### [What to produce]
Produce the records below again, word for word, but stop after the line that contains "A local workspace".

### [Saved data entries]
■ ■ ■ ■
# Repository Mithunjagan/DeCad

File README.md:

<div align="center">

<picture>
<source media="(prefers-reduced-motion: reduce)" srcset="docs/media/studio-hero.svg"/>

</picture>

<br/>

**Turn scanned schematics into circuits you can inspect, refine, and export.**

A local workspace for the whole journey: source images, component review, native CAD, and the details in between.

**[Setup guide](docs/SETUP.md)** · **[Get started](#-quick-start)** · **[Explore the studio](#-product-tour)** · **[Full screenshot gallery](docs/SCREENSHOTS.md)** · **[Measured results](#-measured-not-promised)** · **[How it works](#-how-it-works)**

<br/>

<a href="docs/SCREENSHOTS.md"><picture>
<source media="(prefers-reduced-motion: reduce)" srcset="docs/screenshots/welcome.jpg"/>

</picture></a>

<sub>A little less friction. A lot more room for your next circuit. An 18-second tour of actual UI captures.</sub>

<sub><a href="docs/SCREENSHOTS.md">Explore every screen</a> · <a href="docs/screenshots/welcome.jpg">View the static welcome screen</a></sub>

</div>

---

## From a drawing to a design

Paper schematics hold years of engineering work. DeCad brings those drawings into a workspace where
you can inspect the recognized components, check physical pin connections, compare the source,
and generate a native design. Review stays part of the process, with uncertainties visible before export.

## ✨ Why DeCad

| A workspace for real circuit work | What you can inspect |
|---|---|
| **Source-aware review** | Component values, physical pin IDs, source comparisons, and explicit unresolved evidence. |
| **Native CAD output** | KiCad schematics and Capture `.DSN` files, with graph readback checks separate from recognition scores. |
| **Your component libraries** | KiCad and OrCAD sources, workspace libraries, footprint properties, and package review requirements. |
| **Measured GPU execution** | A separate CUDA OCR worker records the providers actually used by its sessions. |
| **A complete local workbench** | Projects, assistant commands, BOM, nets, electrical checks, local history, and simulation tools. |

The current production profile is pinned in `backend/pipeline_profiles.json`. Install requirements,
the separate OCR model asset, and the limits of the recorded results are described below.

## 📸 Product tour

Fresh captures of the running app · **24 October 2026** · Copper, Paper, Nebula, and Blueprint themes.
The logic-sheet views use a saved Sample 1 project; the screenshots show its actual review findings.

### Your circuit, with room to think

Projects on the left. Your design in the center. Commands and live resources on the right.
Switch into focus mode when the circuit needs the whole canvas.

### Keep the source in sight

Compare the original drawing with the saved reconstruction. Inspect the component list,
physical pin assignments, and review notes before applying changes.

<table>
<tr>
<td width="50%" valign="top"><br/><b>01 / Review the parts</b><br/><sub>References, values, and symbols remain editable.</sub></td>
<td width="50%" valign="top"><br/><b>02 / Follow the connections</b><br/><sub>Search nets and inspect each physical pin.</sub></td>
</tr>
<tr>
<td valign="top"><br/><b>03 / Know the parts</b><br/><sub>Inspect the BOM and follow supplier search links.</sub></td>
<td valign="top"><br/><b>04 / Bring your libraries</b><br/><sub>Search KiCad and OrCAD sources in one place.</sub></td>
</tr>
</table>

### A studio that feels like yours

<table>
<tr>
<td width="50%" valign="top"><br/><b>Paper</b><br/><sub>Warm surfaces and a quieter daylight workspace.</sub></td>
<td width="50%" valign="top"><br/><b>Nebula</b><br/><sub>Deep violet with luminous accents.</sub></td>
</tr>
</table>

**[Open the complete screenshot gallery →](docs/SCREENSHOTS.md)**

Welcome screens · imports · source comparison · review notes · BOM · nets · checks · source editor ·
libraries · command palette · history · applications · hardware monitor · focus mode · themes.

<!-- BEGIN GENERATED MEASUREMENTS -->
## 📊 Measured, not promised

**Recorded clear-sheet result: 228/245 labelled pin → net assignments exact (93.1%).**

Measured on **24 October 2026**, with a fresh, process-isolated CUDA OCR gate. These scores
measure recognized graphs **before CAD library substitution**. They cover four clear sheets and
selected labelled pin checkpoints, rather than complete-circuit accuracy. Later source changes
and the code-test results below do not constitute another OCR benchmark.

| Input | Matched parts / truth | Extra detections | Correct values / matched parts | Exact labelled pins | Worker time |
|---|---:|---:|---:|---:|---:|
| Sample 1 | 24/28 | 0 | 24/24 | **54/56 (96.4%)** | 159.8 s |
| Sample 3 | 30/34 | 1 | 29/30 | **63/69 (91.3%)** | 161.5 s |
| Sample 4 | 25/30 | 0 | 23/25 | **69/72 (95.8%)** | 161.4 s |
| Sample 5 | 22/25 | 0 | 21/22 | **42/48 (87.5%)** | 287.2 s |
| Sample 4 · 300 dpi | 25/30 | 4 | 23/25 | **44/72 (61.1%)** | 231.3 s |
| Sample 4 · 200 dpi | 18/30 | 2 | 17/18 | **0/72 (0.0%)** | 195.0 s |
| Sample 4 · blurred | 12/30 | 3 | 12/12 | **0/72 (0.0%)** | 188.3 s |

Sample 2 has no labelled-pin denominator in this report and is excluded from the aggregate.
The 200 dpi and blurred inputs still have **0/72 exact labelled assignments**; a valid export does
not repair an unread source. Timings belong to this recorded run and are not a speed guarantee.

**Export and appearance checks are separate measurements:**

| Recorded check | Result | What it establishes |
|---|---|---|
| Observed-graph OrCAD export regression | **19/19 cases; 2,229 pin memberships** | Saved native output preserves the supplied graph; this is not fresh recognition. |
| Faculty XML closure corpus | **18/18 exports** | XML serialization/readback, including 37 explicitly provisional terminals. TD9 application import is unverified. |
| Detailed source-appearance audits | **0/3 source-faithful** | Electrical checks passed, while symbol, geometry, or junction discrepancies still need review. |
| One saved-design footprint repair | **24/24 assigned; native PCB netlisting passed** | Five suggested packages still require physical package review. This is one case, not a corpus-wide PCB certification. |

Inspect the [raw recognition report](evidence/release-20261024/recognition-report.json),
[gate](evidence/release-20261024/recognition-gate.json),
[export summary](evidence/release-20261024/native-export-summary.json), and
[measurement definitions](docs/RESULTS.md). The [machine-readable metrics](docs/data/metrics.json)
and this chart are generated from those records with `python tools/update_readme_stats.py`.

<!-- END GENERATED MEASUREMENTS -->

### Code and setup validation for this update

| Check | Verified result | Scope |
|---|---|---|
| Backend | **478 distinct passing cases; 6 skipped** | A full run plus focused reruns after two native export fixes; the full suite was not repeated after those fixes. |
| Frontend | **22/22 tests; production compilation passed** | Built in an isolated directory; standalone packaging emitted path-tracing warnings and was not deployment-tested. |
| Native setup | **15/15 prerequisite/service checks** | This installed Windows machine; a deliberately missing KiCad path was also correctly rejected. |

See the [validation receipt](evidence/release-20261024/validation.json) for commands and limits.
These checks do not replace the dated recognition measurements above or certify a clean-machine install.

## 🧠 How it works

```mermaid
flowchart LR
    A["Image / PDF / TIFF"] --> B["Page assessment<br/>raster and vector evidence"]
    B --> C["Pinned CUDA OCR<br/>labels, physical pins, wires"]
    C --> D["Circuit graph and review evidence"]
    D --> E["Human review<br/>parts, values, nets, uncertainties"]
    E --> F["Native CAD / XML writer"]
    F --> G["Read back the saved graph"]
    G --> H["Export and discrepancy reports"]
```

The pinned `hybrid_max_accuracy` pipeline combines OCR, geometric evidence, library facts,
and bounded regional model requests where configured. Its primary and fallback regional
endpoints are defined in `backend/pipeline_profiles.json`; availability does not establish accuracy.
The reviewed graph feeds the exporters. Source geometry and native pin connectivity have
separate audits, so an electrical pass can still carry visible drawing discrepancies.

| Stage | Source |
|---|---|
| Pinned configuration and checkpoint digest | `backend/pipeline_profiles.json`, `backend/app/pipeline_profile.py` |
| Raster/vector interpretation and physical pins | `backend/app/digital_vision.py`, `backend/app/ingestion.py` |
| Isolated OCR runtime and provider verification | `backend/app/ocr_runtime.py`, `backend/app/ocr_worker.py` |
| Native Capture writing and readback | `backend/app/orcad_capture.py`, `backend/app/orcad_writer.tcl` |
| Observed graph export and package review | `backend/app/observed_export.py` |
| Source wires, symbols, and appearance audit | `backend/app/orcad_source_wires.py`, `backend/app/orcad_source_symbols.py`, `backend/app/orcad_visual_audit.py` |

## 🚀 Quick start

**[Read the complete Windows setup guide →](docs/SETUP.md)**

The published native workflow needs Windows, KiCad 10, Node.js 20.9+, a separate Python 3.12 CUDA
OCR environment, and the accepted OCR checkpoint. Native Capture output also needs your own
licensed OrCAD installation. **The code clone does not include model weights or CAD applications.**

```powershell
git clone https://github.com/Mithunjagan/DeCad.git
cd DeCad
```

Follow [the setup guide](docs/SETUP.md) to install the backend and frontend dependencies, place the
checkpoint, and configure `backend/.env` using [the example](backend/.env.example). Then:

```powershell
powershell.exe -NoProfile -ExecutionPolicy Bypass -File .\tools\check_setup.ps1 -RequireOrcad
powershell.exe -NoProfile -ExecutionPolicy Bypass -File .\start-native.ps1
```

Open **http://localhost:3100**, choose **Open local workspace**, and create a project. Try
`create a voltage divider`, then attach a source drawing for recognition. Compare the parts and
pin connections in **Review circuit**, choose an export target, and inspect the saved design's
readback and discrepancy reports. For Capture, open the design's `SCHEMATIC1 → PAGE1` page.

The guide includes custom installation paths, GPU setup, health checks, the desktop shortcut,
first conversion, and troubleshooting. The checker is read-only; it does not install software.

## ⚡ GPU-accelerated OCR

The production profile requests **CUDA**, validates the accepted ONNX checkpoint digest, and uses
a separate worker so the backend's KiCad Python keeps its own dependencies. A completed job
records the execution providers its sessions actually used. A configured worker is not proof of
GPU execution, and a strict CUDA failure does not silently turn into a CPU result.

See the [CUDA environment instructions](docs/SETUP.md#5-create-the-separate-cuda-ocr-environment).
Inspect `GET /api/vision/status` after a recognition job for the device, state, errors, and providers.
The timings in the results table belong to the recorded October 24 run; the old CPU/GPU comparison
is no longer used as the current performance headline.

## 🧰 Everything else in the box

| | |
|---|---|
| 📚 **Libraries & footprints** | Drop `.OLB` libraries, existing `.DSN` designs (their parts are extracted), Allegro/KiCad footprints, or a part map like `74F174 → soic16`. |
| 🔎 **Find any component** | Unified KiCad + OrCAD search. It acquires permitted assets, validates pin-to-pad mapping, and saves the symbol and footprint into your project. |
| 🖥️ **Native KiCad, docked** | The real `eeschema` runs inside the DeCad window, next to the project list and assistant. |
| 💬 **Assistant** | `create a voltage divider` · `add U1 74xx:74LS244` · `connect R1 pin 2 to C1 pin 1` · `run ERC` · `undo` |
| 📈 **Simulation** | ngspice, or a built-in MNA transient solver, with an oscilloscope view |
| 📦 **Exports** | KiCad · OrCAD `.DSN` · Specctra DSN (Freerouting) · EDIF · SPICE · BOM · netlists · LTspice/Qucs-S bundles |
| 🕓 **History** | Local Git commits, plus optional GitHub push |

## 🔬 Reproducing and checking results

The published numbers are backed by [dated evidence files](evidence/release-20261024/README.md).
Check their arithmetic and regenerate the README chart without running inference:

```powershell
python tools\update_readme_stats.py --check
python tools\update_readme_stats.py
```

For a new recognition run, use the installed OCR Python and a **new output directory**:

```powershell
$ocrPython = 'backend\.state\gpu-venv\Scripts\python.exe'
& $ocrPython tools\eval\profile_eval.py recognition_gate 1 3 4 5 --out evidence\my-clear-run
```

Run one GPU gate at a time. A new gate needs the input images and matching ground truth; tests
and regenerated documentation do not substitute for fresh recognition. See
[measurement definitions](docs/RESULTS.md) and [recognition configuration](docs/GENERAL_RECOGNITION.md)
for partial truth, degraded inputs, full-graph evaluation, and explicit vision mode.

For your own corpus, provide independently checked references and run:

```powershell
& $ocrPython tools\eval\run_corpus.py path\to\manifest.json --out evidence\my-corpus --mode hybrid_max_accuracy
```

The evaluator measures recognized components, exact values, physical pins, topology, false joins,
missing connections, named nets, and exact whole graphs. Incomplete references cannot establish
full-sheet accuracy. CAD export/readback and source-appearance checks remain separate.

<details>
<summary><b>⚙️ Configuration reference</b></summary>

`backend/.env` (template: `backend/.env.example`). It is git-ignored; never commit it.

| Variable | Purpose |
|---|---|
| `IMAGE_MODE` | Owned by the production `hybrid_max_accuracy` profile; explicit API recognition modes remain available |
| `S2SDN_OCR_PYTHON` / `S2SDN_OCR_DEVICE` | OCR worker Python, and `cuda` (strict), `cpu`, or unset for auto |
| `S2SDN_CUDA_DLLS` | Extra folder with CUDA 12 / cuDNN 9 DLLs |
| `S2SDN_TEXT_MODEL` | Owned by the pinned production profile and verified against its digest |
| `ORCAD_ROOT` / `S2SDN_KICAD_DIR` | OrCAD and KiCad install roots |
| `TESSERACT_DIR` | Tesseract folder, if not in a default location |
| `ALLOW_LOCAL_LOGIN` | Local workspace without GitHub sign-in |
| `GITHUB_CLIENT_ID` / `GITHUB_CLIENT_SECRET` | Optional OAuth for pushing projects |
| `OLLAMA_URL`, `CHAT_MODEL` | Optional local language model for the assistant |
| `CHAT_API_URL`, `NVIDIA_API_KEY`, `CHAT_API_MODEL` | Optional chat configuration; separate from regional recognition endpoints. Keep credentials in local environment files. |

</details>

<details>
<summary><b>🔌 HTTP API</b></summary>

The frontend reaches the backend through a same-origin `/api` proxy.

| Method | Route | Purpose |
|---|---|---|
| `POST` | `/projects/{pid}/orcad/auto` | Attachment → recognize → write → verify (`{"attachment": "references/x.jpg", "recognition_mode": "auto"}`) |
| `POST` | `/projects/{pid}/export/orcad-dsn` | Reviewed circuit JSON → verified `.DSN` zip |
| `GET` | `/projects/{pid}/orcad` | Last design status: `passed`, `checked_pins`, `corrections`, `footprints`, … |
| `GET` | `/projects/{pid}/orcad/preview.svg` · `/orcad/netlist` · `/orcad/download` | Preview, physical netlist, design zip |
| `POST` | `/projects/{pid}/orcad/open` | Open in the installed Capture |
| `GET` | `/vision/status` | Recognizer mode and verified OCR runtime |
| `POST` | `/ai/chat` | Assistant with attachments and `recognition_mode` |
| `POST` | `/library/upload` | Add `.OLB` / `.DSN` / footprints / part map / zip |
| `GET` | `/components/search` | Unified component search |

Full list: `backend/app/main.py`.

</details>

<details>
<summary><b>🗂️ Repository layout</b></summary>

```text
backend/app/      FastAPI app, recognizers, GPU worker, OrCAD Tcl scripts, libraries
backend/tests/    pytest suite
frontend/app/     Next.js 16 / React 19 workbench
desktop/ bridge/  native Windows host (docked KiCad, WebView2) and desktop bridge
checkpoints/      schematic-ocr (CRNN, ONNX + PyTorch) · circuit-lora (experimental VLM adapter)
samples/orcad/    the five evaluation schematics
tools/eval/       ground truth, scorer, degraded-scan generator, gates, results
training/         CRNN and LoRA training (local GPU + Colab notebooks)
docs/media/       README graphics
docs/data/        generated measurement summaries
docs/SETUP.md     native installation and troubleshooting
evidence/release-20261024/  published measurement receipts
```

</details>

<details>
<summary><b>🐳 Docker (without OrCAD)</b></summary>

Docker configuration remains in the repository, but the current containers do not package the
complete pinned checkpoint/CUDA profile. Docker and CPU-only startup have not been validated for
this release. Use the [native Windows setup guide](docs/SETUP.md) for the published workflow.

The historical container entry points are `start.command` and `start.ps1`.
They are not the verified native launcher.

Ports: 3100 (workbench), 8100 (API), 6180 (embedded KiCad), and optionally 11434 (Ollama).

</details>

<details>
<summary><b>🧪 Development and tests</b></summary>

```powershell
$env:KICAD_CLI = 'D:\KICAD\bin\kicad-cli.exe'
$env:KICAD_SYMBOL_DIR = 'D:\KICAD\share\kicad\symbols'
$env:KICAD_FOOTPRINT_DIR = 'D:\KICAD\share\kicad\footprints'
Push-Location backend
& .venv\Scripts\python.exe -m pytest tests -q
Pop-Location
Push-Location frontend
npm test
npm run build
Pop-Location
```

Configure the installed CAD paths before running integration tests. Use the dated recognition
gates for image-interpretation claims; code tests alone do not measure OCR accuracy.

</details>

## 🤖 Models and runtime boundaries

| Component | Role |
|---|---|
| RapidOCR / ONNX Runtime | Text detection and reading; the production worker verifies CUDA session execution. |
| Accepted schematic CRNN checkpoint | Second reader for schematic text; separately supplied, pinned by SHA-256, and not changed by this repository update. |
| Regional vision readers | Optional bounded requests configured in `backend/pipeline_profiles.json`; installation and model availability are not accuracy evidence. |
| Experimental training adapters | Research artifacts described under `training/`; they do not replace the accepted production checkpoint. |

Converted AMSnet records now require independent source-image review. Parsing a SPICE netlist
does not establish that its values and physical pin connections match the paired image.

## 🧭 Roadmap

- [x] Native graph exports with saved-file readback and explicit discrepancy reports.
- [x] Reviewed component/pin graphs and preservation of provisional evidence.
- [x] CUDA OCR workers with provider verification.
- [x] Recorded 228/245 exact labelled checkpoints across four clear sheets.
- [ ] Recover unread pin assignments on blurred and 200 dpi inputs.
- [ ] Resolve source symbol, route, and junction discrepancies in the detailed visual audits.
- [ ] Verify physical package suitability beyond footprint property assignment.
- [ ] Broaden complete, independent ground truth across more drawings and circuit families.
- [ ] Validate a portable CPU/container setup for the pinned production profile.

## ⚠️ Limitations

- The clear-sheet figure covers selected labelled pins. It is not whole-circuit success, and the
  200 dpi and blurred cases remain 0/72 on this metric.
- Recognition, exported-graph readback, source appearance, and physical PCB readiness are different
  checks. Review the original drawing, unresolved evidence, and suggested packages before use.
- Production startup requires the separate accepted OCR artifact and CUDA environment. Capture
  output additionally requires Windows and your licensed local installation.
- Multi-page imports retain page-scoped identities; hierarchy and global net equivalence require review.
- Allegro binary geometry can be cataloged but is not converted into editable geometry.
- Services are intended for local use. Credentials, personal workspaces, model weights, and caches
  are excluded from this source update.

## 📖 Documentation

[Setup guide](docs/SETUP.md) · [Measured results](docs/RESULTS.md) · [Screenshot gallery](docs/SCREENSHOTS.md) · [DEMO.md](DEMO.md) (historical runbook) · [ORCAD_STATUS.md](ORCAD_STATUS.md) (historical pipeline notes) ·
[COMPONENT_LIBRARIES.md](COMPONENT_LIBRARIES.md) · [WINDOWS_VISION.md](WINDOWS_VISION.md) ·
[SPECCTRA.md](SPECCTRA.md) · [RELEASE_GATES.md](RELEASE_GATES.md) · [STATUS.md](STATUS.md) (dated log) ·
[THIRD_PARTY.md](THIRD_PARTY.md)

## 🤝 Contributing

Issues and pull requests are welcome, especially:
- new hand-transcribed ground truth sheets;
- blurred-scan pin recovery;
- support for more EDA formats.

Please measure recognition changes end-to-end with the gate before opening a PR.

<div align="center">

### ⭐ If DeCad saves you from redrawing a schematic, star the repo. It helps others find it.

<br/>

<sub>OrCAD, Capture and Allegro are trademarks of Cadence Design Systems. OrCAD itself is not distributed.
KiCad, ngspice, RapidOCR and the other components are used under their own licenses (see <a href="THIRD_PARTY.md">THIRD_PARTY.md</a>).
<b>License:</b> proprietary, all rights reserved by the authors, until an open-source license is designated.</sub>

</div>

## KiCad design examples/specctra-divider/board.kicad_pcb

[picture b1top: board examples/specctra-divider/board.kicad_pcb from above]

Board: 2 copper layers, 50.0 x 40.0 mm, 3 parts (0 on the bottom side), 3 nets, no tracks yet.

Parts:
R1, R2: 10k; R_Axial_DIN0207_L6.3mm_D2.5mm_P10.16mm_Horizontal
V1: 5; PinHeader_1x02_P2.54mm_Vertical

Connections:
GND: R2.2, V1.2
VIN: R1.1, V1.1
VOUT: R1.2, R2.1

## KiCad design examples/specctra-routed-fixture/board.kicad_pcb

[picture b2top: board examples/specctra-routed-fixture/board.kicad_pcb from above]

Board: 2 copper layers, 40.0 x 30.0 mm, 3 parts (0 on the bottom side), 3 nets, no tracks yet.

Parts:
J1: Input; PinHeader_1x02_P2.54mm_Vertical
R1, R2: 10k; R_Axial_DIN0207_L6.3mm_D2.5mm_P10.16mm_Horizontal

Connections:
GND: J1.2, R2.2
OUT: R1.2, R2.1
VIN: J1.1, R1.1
■ ■ ■ ■
### [Answer section]
# Repository Mithunjagan/DeCad

File README.md:

<div align="center">

<picture>
<source media="(prefers-reduced-motion: reduce)" srcset="docs/media/studio-hero.svg"/>

</picture>

<br/>

**Turn scanned schematics into circuits you can inspect, refine, and export.**

A local workspace for the whole journey: source images, component review, native CAD, and the details in between.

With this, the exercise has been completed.